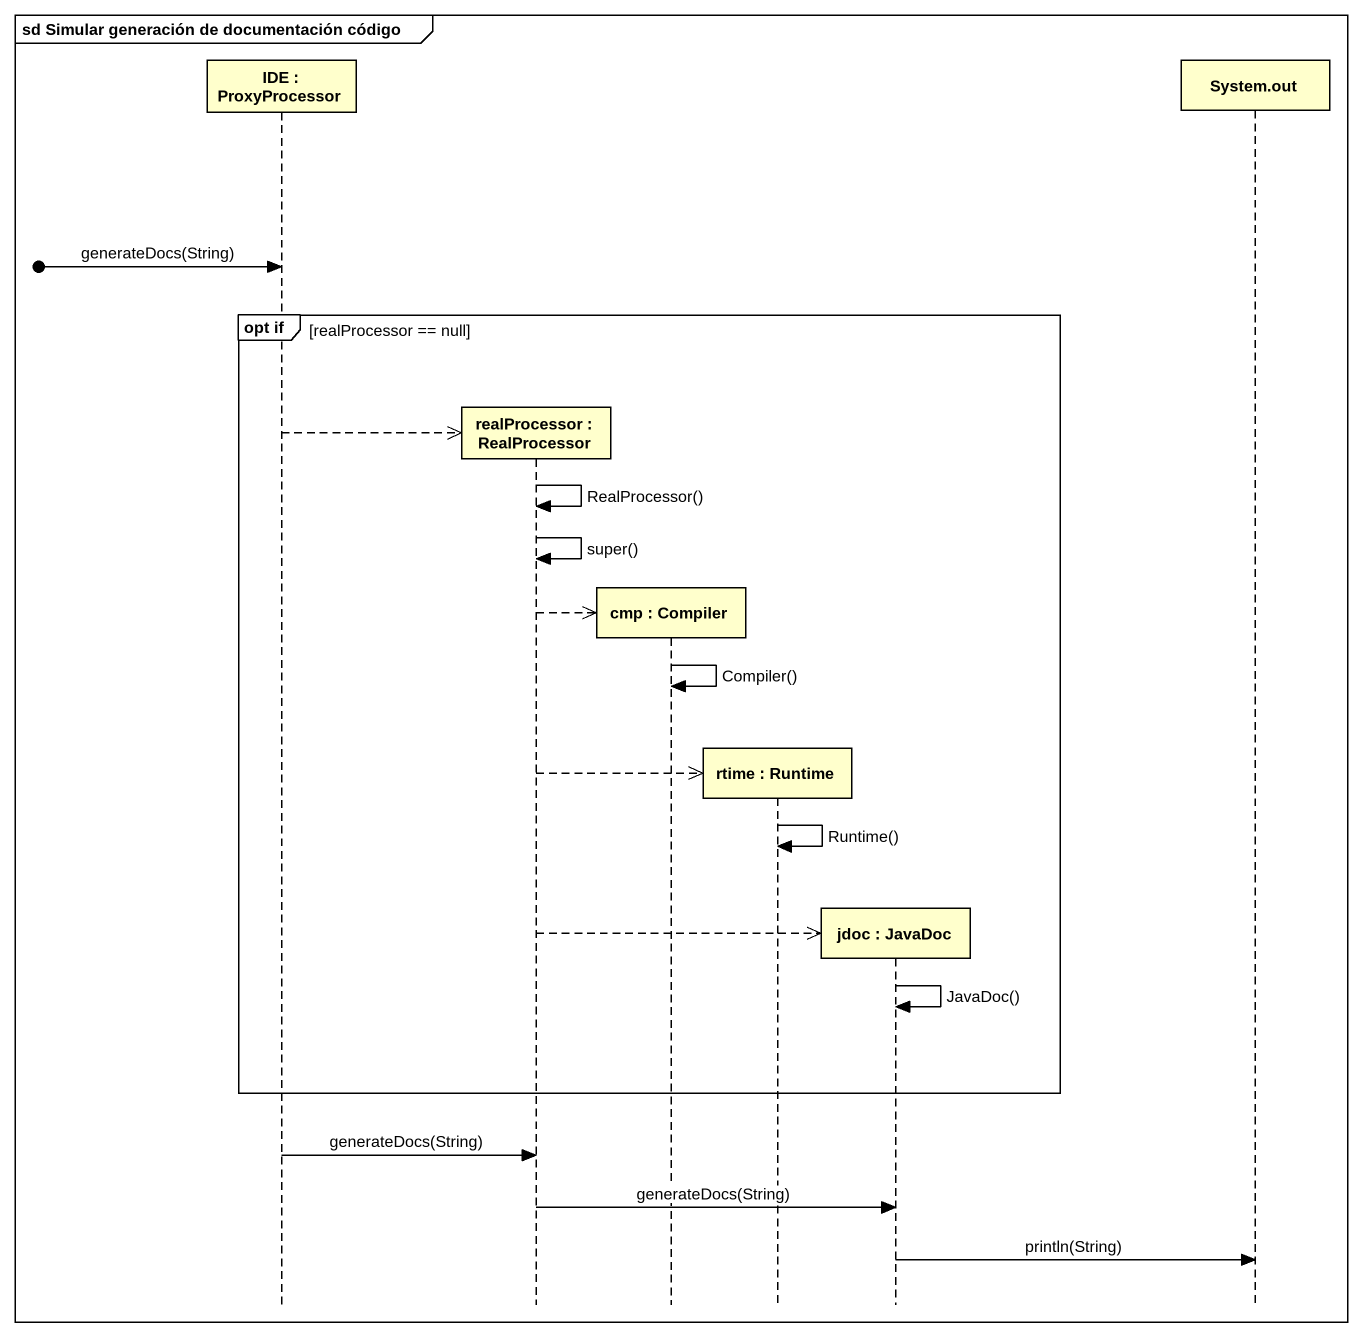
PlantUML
@startuml
mainframe sd Simular generación de documentación código
hide footbox
participant "IDE : ProxyProcessor" as IDE
participant "realProcessor : RealProcessor" as realProcessor
participant "cmp : Compiler" as cmp
participant "rtime : Runtime" as rtime
participant "jdoc : JavaDoc" as jdoc
participant "System.out" as System_out

[o-> IDE : generateDocs(String)
group opt if [realProcessor == null]
  IDE -->> realProcessor **
  realProcessor -> realProcessor : RealProcessor()
  realProcessor -> realProcessor : super()
  realProcessor -->> cmp **
  cmp -> cmp : Compiler()
  realProcessor -->> rtime **
  rtime -> rtime : Runtime()
  realProcessor -->> jdoc **
  jdoc -> jdoc : JavaDoc()
end
IDE -> realProcessor : generateDocs(String)
realProcessor -> jdoc : generateDocs(String)
jdoc -> System_out : println(String)
@enduml

Exercise details
Print exactly the lines above, between the one holding "IDE -->> realProcessor **" and the one holding "IDE -> realProcessor : generateDocs(String)", inclusive, and nothing besides.

Output of the task
  IDE -->> realProcessor **
  realProcessor -> realProcessor : RealProcessor()
  realProcessor -> realProcessor : super()
  realProcessor -->> cmp **
  cmp -> cmp : Compiler()
  realProcessor -->> rtime **
  rtime -> rtime : Runtime()
  realProcessor -->> jdoc **
  jdoc -> jdoc : JavaDoc()
end
IDE -> realProcessor : generateDocs(String)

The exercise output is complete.